Saturday, September 17, 2005

From Me to the New York Times: Kiss My Ass.

Starting in two days, on September 19, access to "influential columnists" at the New York Times online edition will be limited to people dumb enough to pay $50 a year for a "Times Select" subscription. Oh, yes, there's a $10/year discount for early subscribers. Big deal. Whoop dee doo.

People can argue that the New York Times is a for-profit endeavor and that they therefore have every right to charge money for their content.

But that is not the point. The point is that they are now charging money for something that, up until now, has been free, even though they have no financial need to do so. This is known as "greed." I quote the definition of greed:
"An excessive desire to acquire or possess more than what one needs or deserves, especially with respect to material wealth."
An alternate definition is,
"excessive desire to acquire or possess more (especially more material wealth) than one needs or deserves 2: reprehensible acquisitiveness; insatiable desire for wealth (personified as one of the deadly sins)."
This makes it pretty clear, doesn't it? Greed has long been recognized as a social ill. Yet, in modern American society, this fundamental moral fact has been deliberately pushed under the rug, in the name of "growth" and the free market--indeed, even in the name of "freedom" itself, as if having a small number of people hoarding ridiculous amounts of wealth for their own personal use somehow miraculously enhances "freedom" for everyone. Charging every penny the market will bear is not just perfectly acceptable behavior in modern capitalist America--it's the basis for our entire corporate economic system.

It's no wonder this world is so completely fucked up.
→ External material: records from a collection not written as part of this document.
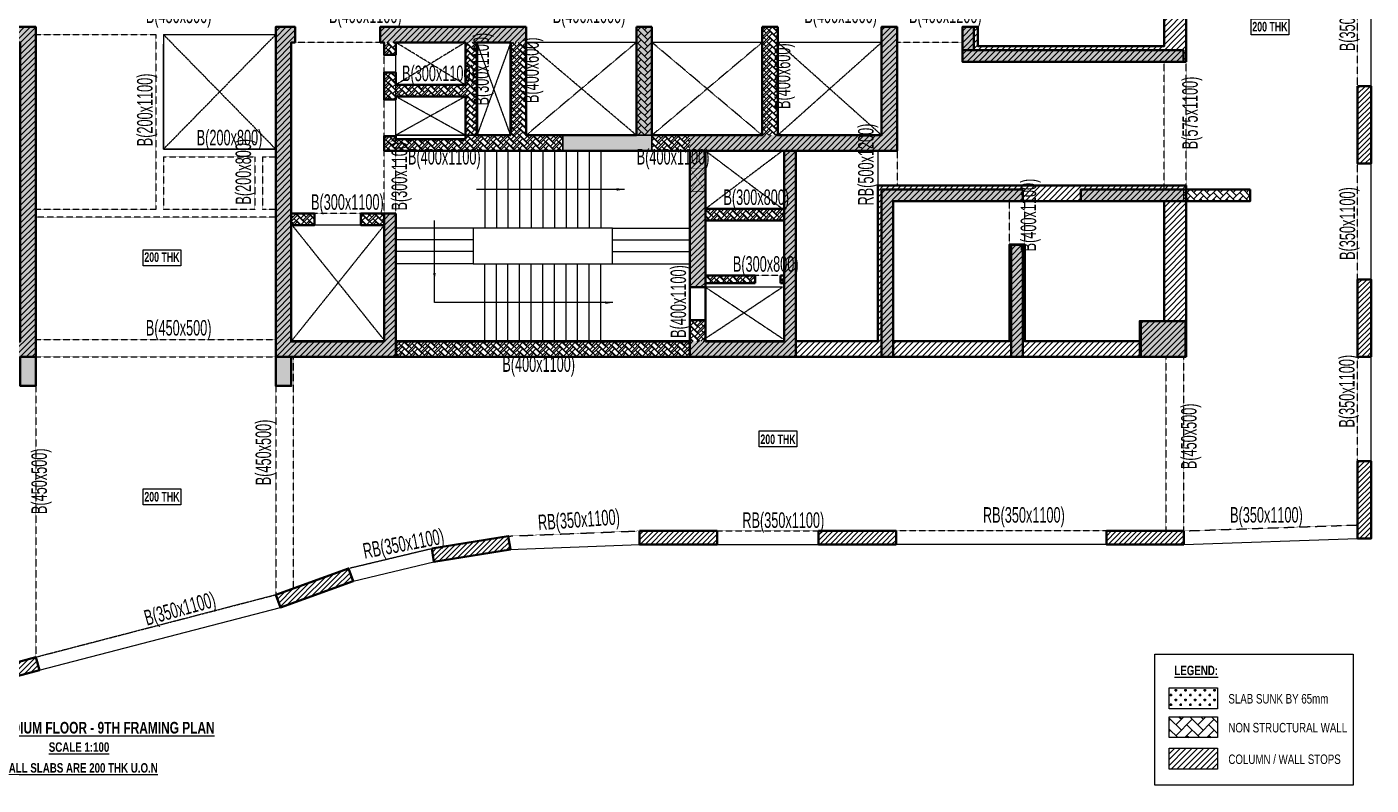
# Model space of a CAD drawing. Header units: millimetres. Extents: x 8 to 196387, y 9 to 58792.
# Drawn here: x 32142 to 66871, y 9 to 19602 of the extents above; entities that cross this region are included whole.
import ezdxf

# ---------------------------------------------------------------- set-up
doc = ezdxf.new("R2010")
doc.units = ezdxf.units.MM
doc.linetypes.add('HIDDEN', pattern=[0.375, 0.25, -0.125])
for name, color, linetype, lineweight in [('A-ANNO-DIMS', 8, 'Continuous', 15), ('A-DETL-MISC', 35, 'Continuous', 15), ('A-FLOR-IDEN', 11, 'Continuous', 9), ('A-HIDD-ABVE', 8, 'HIDDEN', 20), ('G-ANNO-TEXT', 231, 'Continuous', 9), ('S-BEAM', 7, 'Continuous', 18), ('S-BEAM-IDEN', 2, 'Continuous', 9), ('S-COL HATCH', 9, 'Continuous', 0), ('S-COLS', 5, 'Continuous', 35)]:
    doc.layers.add(name, color=color, linetype=linetype, lineweight=lineweight)
for name, color, linetype in [('changes', 7, 'Continuous'), ('S-CUTOUT', 1, 'Continuous'), ('SUNK SLAB', 8, 'Continuous')]:
    doc.layers.add(name, color=color, linetype=linetype)
doc.styles.add('Dim.s & Anno.(Misc.)', font='ARIALN.TTF')
doc.styles.add('Swis721 LtCn BT', font='swisscl.ttf', dxfattribs={"width": 0.9, "height": 233.355162})
doc.styles.add('Swis721 LtCn BT_2', font='swisscl.ttf', dxfattribs={"height": 244.992296})
doc.styles.add('Swis721 LtCn BT_B', font='', dxfattribs={"width": 0.9, "height": 246.918336})
doc.styles.get('Swis721 LtCn BT_B').set_extended_font_data('Swis721 LtCn BT', bold=True)
doc.dimstyles.new('A-GFC-100', dxfattribs={"dimscale": 100, "dimtxt": 1.75, "dimasz": 1.5, "dimexe": 1.5, "dimexo": 0, "dimgap": 1, "dimtad": 1, "dimdsep": 46, "dimtxsty": 'Dim.s & Anno.(Misc.)', "dimblk": 'ARCHTICK', "dimcen": 0, "dimdle": 1.5, "dimclrd": 256, "dimclre": 8, "dimclrt": 6, "dimazin": 2, "dimtfac": 1, "dimtix": 1, "dimtmove": 2, "dimatfit": 3, "dimfxl": 1, "dimtolj": 1, "dimlwd": -1, "dimlwe": 9, "dimarcsym": 0})
pattern_1 = [(45, (-31699446.87, 20890861.25), (-75.1300955, 75.1300955), [])]
pattern_2 = [(45, (-31794446.86, 20734809.75), (0, 169.7056275), [360, -120]), (135, (-31794362, 20734894.6), (1e-14, 169.7056275), [360, -120])]
pattern_3 = [(45, (-31802317.5, 20729084.55), (0, 169.7056275), [360, -120]), (135, (-31802232.65, 20729169.4), (1e-14, 169.7056275), [360, -120])]
pattern_4 = [(45, (-31235527.81, 20855355.09), (-66.29126074, 66.29126074), [])]
pattern_5 = [(45, (-31363013.31, 20884024.09), (-66.29126074, 66.29126074), [])]

# ---------------------------------------------------------------- blocks, each defined once
blk = doc.blocks.new('A$Cd226b1b4')
at = {"layer": 'S-COL HATCH', "transparency": 33554687}
h = blk.add_hatch(dxfattribs=at)
h.set_pattern_fill('ANSI31', color=256, scale=850)
h.set_pattern_definition(pattern_1)
h.paths.add_polyline_path([(53250, 7625), (53250, 19125), (52675, 19125), (52675, 8025), (47865, 8025), (47865, 8525), (47465, 8525), (47465, 7625)])
h = blk.add_hatch(dxfattribs=at)
h.set_pattern_fill('ANSI31', color=256, scale=850)
h.set_pattern_definition(pattern_1)
h.paths.add_polyline_path([(20725, 3700), (20425, 3700), (20425, 400), (20425, 0), (23125, 0), (23525, 0), (23525, 400), (23525, 400), (23525, 8525), (23025, 8525), (23025, 8125), (23125, 8125), (23125, 400), (23125, 400), (20725, 400), (20725, 400)])
h = blk.add_hatch(dxfattribs=at)
h.set_pattern_fill('ANSI31', color=256, scale=850)
h.set_pattern_definition(pattern_1)
h.paths.add_polyline_path([(32525, 3700), (32825, 3700), (32825, 400), (32825, 0), (30125, 0), (29725, 0), (29725, 400), (29725, 400), (29725, 8525), (30225, 8525), (30225, 8125), (30125, 8125), (30125, 400), (30125, 400), (32525, 400), (32525, 400)])
h = blk.add_hatch(dxfattribs=at)
h.set_pattern_fill('ANSI31', color=256, scale=850)
h.set_pattern_definition(pattern_1)
h.paths.add_polyline_path([(36195, 8525), (32425, 8525), (32425, 8125), (36195, 8125)])
at = {"layer": 'S-COL HATCH'}
h = blk.add_hatch(dxfattribs=at)
h.set_pattern_fill('AR-HBONE', color=256, scale=30)
h.set_pattern_definition(pattern_2)
h.paths.add_polyline_path([(39445, 8525), (39045, 8525), (39045, 5725), (39445, 5725)])
at = {"layer": 'S-COL HATCH', "transparency": 33554687}
h = blk.add_hatch(dxfattribs=at)
h.set_pattern_fill('ANSI31', color=256, scale=850)
h.set_pattern_definition(pattern_1)
h.paths.add_polyline_path([(40425, 5325), (40425, 5725), (45379, 5725), (45379, 8525), (45779, 8525), (45779, 5325)])
at = {"layer": 'S-COL HATCH'}
h = blk.add_hatch(dxfattribs=at)
h.set_pattern_fill('AR-HBONE', color=256, scale=30)
h.set_pattern_definition(pattern_2)
h.paths.add_polyline_path([(42695, 5725), (42295, 5725), (42295, 8525), (42695, 8525)])
h = blk.add_hatch(dxfattribs=at)
h.set_pattern_fill('AR-HBONE', color=256, scale=30)
h.set_pattern_definition(pattern_2)
h.paths.add_polyline_path([(34925, 8125), (34625, 8125), (34625, 7025), (32825, 7025), (32825, 7350), (32525, 7350), (32525, 6648), (32825, 6648), (32825, 6725), (34625, 6725), (34625, 5625), (32825, 5625), (32825, 5703), (32525, 5703), (32525, 5325), (37145, 5325), (37145, 5725), (34925, 5725)])
h = blk.add_hatch(dxfattribs=at)
h.set_pattern_fill('AR-HBONE', color=256, scale=30)
h.set_pattern_definition(pattern_2)
h.paths.add_polyline_path([(32825, 8125), (32525, 8125), (32525, 7800), (32825, 7800)])
h = blk.add_hatch(dxfattribs=at)
h.set_pattern_fill('AR-HBONE', color=256, scale=30)
h.set_pattern_definition(pattern_2)
h.paths.add_polyline_path([(36195, 5725), (35795, 5725), (35795, 8125), (36195, 8125)])
at = {"layer": 'S-COL HATCH', "transparency": 33554687}
h = blk.add_hatch(dxfattribs=at)
h.set_pattern_fill('ANSI31', color=256, scale=850)
h.set_pattern_definition(pattern_1)
edge = h.paths.add_edge_path()
edge.add_line((37145, 5725), (37145, 5325))
at = {"layer": 'S-COL HATCH'}
h = blk.add_hatch(dxfattribs=at)
h.set_pattern_fill('AR-HBONE', color=256, scale=30)
h.set_pattern_definition(pattern_2)
h.paths.add_polyline_path([(39445, 5725), (40425, 5725), (40425, 5325), (39445, 5325)])
at = {"layer": 'S-COL HATCH', "transparency": 33554687}
h = blk.add_hatch(dxfattribs=at)
h.set_pattern_fill('ANSI31', color=256, scale=850)
h.set_pattern_definition(pattern_1)
h.paths.add_polyline_path([(40425, 5325), (40825, 5325), (40825, 5325), (40825, 3825), (40825, 3825), (40825, 3525), (40825, 1800), (40425, 1800)])
h = blk.add_hatch(dxfattribs=at)
h.set_pattern_fill('ANSI31', color=256, scale=850)
h.set_pattern_definition(pattern_1)
h.paths.add_polyline_path([(42865, 5325), (43165, 5325), (43165, 0), (42865, 0), (40425, 0), (40425, 400), (42865, 400), (42865, 2100), (42865, 2100), (42865, 2100)])
h = blk.add_hatch(dxfattribs=at)
h.set_pattern_fill('ANSI31', color=256, scale=850)
h.set_pattern_definition(pattern_1)
h.paths.add_polyline_path([(52675, 4025), (52675, 925), (53250, 925), (53250, 4425), (45279, 4425), (45279, 400), (43165, 400), (43165, 0), (52050, 0), (52050, 400), (49079, 400), (49079, 2898), (48679, 2898), (48679, 400), (45679, 400), (45679, 4025)])
at = {"layer": 'S-COL HATCH'}
h = blk.add_hatch(dxfattribs=at)
h.set_pattern_fill('AR-HBONE', color=256, scale=30)
h.set_pattern_definition(pattern_2)
h.paths.add_polyline_path([(40825, 3525), (42865, 3525), (42865, 3825), (40825, 3825)])
h = blk.add_hatch(dxfattribs=at)
h.set_pattern_fill('AR-HBONE', color=256, scale=30)
h.set_pattern_definition([(45, (-31794446.86, 20682880.75), (0, 169.7056275), [360, -120]), (135, (-31794362, 20682965.6), (1e-14, 169.7056275), [360, -120])])
h.paths.add_polyline_path([(32525, 3400), (32525, 3700), (31925, 3700), (31925, 3400)])
h.paths.add_polyline_path([(30725, 3400), (30725, 3700), (30125, 3700), (30125, 3400)])
h = blk.add_hatch(dxfattribs=at)
h.set_pattern_fill('AR-HBONE', color=256, scale=30)
h.set_pattern_definition(pattern_2)
h.paths.add_polyline_path([(42115, 2100), (42115, 1900), (40825, 1900), (40825, 2100)])
h = blk.add_hatch(dxfattribs=at)
h.set_pattern_fill('AR-HBONE', color=256, scale=30)
h.set_pattern_definition(pattern_2)
h.paths.add_polyline_path([(42765, 2100), (42865, 2100), (42865, 1900), (42765, 1900)])
h = blk.add_hatch(dxfattribs=at)
h.set_pattern_fill('AR-HBONE', color=256, scale=30)
h.set_pattern_definition(pattern_2)
h.paths.add_polyline_path([(40425, 950), (40825, 950), (40825, 400), (40425, 400)])
at = {"layer": 'S-COL HATCH', "transparency": 33554687}
h = blk.add_hatch(dxfattribs=at)
h.set_pattern_fill('ANSI31', color=256, scale=850)
h.set_pattern_definition(pattern_1)
h.paths.add_polyline_path([(53250, 925), (53250, 0), (52050, 0), (52050, 925)])
at = {"layer": 'S-COL HATCH'}
h = blk.add_hatch(dxfattribs=at)
h.set_pattern_fill('AR-HBONE', color=256, scale=30)
h.set_pattern_definition(pattern_2)
h.paths.add_polyline_path([(40425, 400), (32825, 400), (32825, 0), (40425, 0)])
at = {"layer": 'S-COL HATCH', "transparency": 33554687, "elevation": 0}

In any case, getting back to the "Times Select"--their primary selling point, apparently, is the access subscribers will have to "influential columnists". I wonder if anyone at the Times stopped to consider precisely why these columnists are influential in the first place. Influence occurs when one person's opinion carries weight with a large number of people. Cut off access to those people, and the person's influence is reduced or eliminated. Their "influential columnists" will no longer be influential. How many people will be able to read Paul Krugman's column now, for example? And what effect will this have on his influence? At worst, we will no longer hear what he has to say at all. At best, we can expect to only hear him quoted by other people who do have access to his column. How am I to know that these quotes are being presented in good faith? I will no longer be able to read the entire column for myself. I will just have to trust the quoter that the essence of Krugman's words are being represented faithfully. And that is ridiculous. In neither case will Krugman be in a position to directly influence me anymore, nor anyone else who doesn't subscribe to this stupid pay service. Krugman's opinion, as well as that of all their other "influential columnists," will now be under the control of others. Perhaps that, and not greed, is the ultimate point? I doubt it--I honestly believe the primary motivation is pure greed. But I also doubt the people who made the decision are unaware of the chilling effect their decision will have in the competitive realm of ideas. I imagine they're a-okay with it, because, by taking control of the columnists' ideas, they are in turn increasing the influence of their own ideas.